There are statistical formulas for calculating sample size, but a good rule of thumb to follow is that with 250 responses, you can be 90% confident that your results will vary no more than +10%. This rule of thumb is valid in any medium — online or offline. For example, if you test 25,000 emails and you get a 1% response rate, that’s 250 responses. Similarly, if you buy 250,000 impressions for an online ad and you get a 0.1% response rate, you get 250 responses. That means you can be 90% confident that (all things held equal) you will get between 0.9% and 1.1% in the email rollout, and between 0.009% and 0.01%, with a continuation of the same ad in the same media. (Older editions of Ed Nash’s "Direct Marketing — Strategy, Planning, Execution" contain charts that you can reference at different sample sizes and response rates).

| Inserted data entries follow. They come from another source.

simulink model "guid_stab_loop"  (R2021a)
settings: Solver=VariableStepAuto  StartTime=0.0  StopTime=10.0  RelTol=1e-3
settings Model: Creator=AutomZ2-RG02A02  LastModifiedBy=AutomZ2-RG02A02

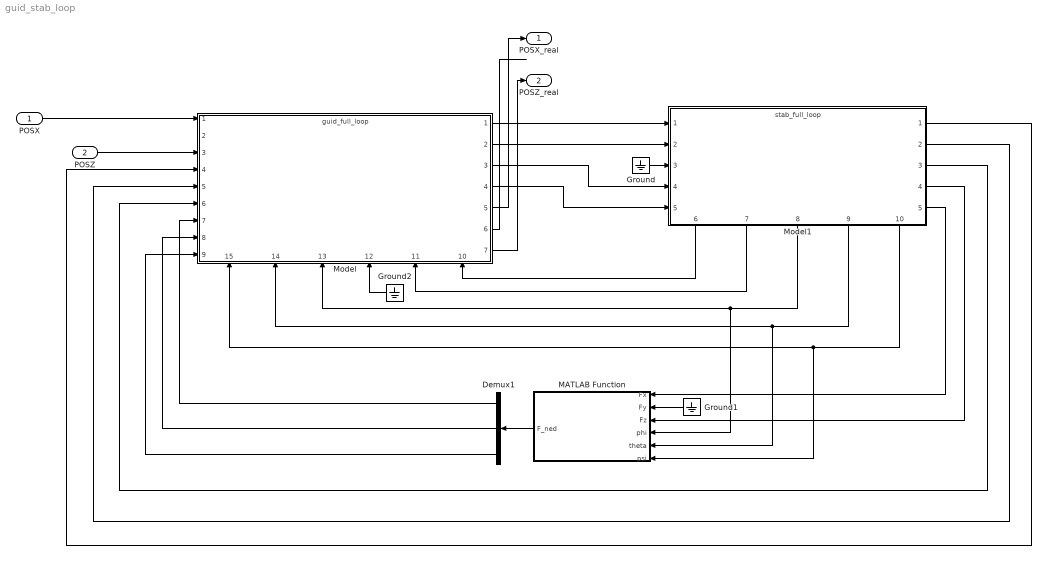
== system guid_stab_loop ==
  POSX : Inport
  POSZ : Inport  Port=2
  Demux1 : Demux  Outputs=3
  Ground : Ground
  Ground1 : Ground
  Ground2 : Ground
  MATLAB Function : MATLAB Function  TreatAsAtomicUnit=on
  Model : ModelReference  ModelNameDialog=guid_full_loop.slx  SimulationMode=Normal  ModelReferenceVersion=68
      settings: PortSchema="{\"entries\":[{\"content\":{\"sides\":[{\"content\":{\"connectorIds\":[\"In1\",\"In2\",\"In3\",\"In4\",\"In5\",\"In6\",\"In7\",\"In8\",\"In9\"]},\"type\":\"ConnectorPlacement.EquallySpacedRectSide\",\"uuid\":\"c7039e2d-4d2b-486c-8f74-6257b5d4cd10\"},{\"content\":{\"connectorIds\":[\"Out1\",\"Out2\",\"Out3\",\"Out4\",\"Out5\",\"Out6\",\"Out7\"],\"side\":\"RIGHT\"},\"type\":\"ConnectorPlacement.EquallySpacedRectSide\",\"uuid\":\"e0c80cde-7009-468d-bd8c-a0953f93fc9b\"},{\"content\":{\"connectorIds\":[],\"side\":\"TOP\"},\"type\":\"ConnectorPlacement.EquallySpacedRectSide\",\"uuid\":\"ae82e6b4-ee43-49bb-afd8-398584e62041\"},{\"content\":{\"connectorIds\":[\"In15\",\"In14\",\"In13\",\"In12\",\"In11\",\"In10\"],\"side\":\"BOTTOM\"},\"type\":\"ConnectorPlacement.EquallySpacedRectSide\",\"uuid\":\"bfc3b99b-31c9-45a2-8956-d202fb3b7ccc\"}]},\"type\":\"ConnectorPlacement.EquallySpacedConnector\",\"uuid\":\"314e09c4-e57e-4071-b616-dff2ef626096\"}],\"packageUris\":[\"http://schema.mathworks.com/mf0/Connector/R2020b\"],\"version\":\"1.0\"}"
  Model1 : ModelReference  ModelNameDialog=stab_full_loop.slx  SimulationMode=Normal  ModelReferenceVersion=60
      settings: PortSchema="{\"entries\":[{\"content\":{\"sides\":[{\"content\":{\"connectorIds\":[\"In1\",\"In2\",\"In3\",\"In4\",\"In5\"]},\"type\":\"ConnectorPlacement.EquallySpacedRectSide\",\"uuid\":\"6193f038-e962-4cc8-aa13-3f309e78671e\"},{\"content\":{\"connectorIds\":[\"Out1\",\"Out2\",\"Out3\",\"Out4\",\"Out5\"],\"side\":\"RIGHT\"},\"type\":\"ConnectorPlacement.EquallySpacedRectSide\",\"uuid\":\"4da1bbe6-45dc-40ed-8db5-843428d3d31a\"},{\"content\":{\"connectorIds\":[],\"side\":\"TOP\"},\"type\":\"ConnectorPlacement.EquallySpacedRectSide\",\"uuid\":\"7690dd6e-2966-44a8-8ce5-50dbef302b6f\"},{\"content\":{\"connectorIds\":[\"Out6\",\"Out7\",\"Out8\",\"Out9\",\"Out10\"],\"side\":\"BOTTOM\"},\"type\":\"ConnectorPlacement.EquallySpacedRectSide\",\"uuid\":\"16088e23-4634-4b26-b830-f671c4042f09\"}]},\"type\":\"ConnectorPlacement.EquallySpacedConnector\",\"uuid\":\"62b25bf1-d081-4997-9962-408723a8cd0a\"}],\"packageUris\":[\"http://schema.mathworks.com/mf0/Connector/R2020b\"],\"version\":\"1.0\"}"
  POSX_real : Outport
  POSZ_real : Outport  Port=2
  wires:
  Model/1 -> Model1/1
  Model/2 -> Model1/2
  Model/3 -> Model1/4
  Model/4 -> Model1/5
  Ground/1 -> Model1/3
  Model1/4 -> MATLAB Function/3(Fz)
  POSX/1 -> Model/1
  ? -> Model/2
  POSZ/1 -> Model/3
  Model1/1 -> Model/4
  Model1/2 -> Model/5
  Model1/3 -> Model/6
  Ground1/1 -> MATLAB Function/2(Fy)
  Demux1/1 -> Model/7
  Demux1/2 -> Model/8
  Demux1/3 -> Model/9
  Model1/7 -> Model/11
  Model1/8 -> Model/13, MATLAB Function/4(phi)
  Model1/9 -> Model/14, MATLAB Function/5(theta)
  Model1/10 -> Model/15, MATLAB Function/6(psi)
  Model1/5 -> MATLAB Function/1(Fx)
  MATLAB Function/1(F_ned) -> Demux1/1
  Model1/6 -> Model/10
  Ground2/1 -> Model/12
  Model/5 -> POSX_real/1
  Model/6 -> ?
  Model/7 -> POSZ_real/1

== matlab function guid_stab_loop/MATLAB Function ==
  data: Fx input; F_ned output; Fy input; Fz input; phi input; theta input; psi input
function F_ned = rotateBodyToNED(Fx, Fy, Fz, phi, theta, psi)

Fb = [Fx; Fy; Fz];

cphi = cos(phi);    sphi = sin(phi);
ctheta = cos(theta); stheta = sin(theta);
cpsi = cos(psi);    spsi = sin(psi);

R = [ cpsi*ctheta - spsi*sphi*stheta, -spsi*cphi,  cpsi*stheta + spsi*sphi*ctheta;
      spsi*ctheta + cpsi*sphi*stheta,  cpsi*cphi,  spsi*stheta - cpsi*sphi*ctheta;
     -cphi*stheta,                     sphi,       cphi*ctheta ];

F_ned = R * Fb;

end

A smaller number of responses will result in a reduced confidence level or increased variance. For example, with a test size of 10,000 emails and a 1% response rate (100 responses), your variance at a 90% confidence level would be 16%, rather than 10%. That means you can be 90% confident that you’ll get between 0.84% and 1.16% response rate — with all things being held equal. Any response within that range could have been the result of variation within the sample.
Marketers are not alone in using their gut rather than statistics to determine sample sizes. Nobel Laureate Daniel Kahneman confesses in his book "Thinking, Fast and Slow":
“Like many research psychologists, I had routinely chosen samples that were too small and had often obtained results that made no sense … the odd results were actually artifacts of my research method. My mistake, was particularly embarrassing because I taught statistics and knew how to compute the sample size that would reduce the risk to an acceptable level. But I had never chosen a sample size by computation. Like my colleagues, I had trusted tradition and my intuition in planning my experiments and had never thought seriously about the issue.”
The most important takeaway here is that the validity of a test is not tied to the size of the sample itself, but rather to the number of responses that you get from that sample. Choose sample sizes based on your expected response rate, not from tradition, your gut or convenience.